This terraform module allows you to deploy a cluster of MLflow servers + UI using:
- ECS Fargate as the compute engine
- Amazon Aurora Serverless as the backend store
- S3 as the default artifact root
When designing this module, we've made some decisions about technologies and configuration that might not apply to all use cases. In doing so, we've applied the following principles, in this order:
- High availability and recovery. All components are meant to be highly available and provide backups so that important data can be recovered in case of a failure. Database back-ups are activated, and versioning is enabled for the S3 bucket.
- Least privilege. We've created dedicated security groups and IAM roles, and restricted traffic/permissions to the minimum necessary to run MLflow.
- Smallest maintenance overhead. We've chosen serverless technologies like Fargate and Aurora Serverless to minimize the cost of ownership of an MLflow cluster.
- Smallest cost overhead. We've tried to choose technologies that minimize costs, under the assumption that MLflow will be an internal tool that is used during working hours, and with a very lightweight use of the database.
- Private by default. As of version 1.9.1, MLflow doesn't provide native authentication/authorization mechanisms. When using the default values, the module will create resources that are not exposed to the Internet. Moreover, the module provides server-side encryption for the S3 bucket and the database through different KMS keys.

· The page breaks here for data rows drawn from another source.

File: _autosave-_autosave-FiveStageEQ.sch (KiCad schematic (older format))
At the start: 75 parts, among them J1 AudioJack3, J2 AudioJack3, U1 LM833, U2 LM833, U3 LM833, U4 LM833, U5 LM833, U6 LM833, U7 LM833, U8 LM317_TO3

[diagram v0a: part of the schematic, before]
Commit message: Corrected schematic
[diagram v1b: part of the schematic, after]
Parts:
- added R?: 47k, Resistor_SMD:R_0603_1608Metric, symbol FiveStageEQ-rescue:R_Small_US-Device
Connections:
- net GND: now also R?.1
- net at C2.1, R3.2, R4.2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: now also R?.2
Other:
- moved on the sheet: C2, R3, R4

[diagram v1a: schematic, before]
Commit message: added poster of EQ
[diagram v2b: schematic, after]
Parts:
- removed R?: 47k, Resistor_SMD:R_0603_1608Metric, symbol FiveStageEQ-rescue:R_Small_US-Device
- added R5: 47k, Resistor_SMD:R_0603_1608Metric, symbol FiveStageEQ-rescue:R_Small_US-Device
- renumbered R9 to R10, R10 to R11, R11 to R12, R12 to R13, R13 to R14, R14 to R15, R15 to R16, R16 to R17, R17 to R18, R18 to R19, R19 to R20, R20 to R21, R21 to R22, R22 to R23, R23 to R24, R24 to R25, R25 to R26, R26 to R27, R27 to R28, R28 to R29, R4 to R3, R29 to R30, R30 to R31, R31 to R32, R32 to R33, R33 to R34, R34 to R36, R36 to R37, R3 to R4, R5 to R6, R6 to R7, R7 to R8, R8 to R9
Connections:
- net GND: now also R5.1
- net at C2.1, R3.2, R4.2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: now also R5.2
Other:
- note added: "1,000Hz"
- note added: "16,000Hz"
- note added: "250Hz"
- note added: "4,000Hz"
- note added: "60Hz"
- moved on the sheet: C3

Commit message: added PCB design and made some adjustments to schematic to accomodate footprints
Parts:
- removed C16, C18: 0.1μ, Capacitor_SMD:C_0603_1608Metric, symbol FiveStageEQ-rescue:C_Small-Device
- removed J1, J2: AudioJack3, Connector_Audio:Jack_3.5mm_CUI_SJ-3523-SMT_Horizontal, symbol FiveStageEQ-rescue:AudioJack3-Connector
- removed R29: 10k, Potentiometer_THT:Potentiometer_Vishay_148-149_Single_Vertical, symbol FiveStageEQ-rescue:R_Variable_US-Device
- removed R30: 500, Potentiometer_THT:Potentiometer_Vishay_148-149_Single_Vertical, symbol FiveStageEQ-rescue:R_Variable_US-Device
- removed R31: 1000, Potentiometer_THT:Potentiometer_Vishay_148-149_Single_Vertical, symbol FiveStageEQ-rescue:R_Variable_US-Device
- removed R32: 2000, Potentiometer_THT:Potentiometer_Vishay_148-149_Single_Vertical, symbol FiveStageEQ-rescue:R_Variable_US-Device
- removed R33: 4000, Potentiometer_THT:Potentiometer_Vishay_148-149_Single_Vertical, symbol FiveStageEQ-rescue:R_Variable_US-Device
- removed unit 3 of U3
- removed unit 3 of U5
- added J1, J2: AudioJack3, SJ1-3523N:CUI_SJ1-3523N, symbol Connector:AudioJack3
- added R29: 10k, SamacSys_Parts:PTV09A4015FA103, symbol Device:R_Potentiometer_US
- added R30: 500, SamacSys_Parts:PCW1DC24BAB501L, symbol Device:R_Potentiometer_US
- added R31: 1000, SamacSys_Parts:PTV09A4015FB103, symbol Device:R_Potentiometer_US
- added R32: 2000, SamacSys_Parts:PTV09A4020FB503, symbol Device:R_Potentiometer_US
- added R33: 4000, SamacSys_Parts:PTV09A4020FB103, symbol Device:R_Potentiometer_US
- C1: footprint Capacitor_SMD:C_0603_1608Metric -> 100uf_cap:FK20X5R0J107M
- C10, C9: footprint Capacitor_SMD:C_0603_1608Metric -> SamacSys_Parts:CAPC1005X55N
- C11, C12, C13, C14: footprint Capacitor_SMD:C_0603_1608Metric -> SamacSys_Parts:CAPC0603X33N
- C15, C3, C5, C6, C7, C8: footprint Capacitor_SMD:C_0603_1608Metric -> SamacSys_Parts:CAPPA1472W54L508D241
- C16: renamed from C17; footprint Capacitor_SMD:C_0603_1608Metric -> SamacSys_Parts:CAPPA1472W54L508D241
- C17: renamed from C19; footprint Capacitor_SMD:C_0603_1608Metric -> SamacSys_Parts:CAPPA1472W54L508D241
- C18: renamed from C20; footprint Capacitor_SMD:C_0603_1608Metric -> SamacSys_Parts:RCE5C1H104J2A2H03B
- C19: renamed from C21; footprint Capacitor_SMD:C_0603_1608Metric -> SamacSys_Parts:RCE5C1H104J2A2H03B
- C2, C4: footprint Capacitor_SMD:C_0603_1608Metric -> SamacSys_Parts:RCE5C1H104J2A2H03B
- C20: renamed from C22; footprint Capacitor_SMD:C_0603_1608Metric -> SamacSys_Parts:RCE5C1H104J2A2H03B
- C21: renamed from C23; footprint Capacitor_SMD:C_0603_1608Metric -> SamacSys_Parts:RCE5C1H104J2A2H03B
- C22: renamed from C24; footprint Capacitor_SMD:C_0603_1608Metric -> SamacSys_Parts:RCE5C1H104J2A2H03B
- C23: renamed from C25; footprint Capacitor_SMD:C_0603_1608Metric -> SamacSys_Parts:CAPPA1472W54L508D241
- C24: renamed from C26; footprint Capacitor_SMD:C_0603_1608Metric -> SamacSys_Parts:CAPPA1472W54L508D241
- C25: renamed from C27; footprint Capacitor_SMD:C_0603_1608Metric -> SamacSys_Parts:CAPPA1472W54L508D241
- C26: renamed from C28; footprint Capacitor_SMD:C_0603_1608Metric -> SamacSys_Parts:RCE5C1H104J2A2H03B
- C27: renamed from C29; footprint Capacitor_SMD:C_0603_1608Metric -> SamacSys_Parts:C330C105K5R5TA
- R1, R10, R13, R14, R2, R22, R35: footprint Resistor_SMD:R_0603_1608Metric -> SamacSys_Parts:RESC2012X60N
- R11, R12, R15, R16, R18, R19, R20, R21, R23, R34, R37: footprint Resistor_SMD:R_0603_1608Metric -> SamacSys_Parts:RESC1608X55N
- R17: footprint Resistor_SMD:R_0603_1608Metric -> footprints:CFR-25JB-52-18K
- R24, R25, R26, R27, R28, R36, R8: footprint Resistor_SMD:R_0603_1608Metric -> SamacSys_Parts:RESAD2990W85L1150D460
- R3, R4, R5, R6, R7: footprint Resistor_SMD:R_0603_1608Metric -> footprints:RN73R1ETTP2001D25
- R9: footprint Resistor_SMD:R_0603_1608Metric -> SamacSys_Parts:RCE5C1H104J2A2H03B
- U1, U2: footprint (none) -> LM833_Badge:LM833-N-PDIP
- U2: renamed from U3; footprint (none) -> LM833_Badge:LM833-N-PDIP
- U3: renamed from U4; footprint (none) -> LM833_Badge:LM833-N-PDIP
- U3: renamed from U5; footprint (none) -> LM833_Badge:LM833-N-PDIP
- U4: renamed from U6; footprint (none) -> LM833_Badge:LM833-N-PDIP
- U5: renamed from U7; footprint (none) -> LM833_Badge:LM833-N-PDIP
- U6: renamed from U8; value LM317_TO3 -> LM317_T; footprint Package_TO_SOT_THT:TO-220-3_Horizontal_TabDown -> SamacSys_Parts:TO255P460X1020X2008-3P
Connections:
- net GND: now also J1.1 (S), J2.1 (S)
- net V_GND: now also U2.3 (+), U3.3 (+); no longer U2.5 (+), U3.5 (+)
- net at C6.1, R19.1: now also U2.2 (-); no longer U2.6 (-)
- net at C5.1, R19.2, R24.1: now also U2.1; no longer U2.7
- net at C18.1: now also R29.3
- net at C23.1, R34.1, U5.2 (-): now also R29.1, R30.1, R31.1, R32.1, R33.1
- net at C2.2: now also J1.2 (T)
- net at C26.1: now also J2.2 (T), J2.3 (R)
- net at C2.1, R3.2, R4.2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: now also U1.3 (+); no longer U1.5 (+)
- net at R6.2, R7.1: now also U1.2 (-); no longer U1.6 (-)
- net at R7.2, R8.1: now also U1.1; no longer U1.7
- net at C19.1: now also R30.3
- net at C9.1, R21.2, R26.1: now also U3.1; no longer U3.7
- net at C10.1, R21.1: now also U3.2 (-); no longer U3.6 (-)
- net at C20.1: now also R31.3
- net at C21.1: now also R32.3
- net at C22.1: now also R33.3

- Flexibility. Where possible, we've tried to make this module usable under different circumstances. For instance, you can use it to deploy MLflow to a private VPN and access it within a VPN, or you can leverage ALB's integration with Cognito/OIDC to allow users to access MLflow from your SSO solution.
The following diagram illustrates the components the module creates with the default configuration:
To use this module, you can simply:
module "mlflow" {
source = "glovo/mlflow/aws"
version = "1.0.0"
unique_name = "mlflow-team-x"
vpc_id = "my-vpc"
load_balancer_subnet_ids = ["public-subnet-az-1", "public-subnet-az-2", "public-subnet-az-3"]
load_balancer_ingress_cidr_blocks = ["192.0.2.0/24"]
service_subnet_ids = ["private-subnet-az-1", "private-subnet-az-2", "private-subnet-az-3"]
database_subnet_ids = ["db-private-subnet-az-1", "db-private-subnet-az-2", "db-private-subnet-az-3"]
database_password_secret_arn = "mlflow-team-x-db-password-arn"
}
You can find a more complete usage example in terratest/examples/main.tf
.
Note you may also:
- Add sidecar containers (e.g. a datadog agent for Fargate)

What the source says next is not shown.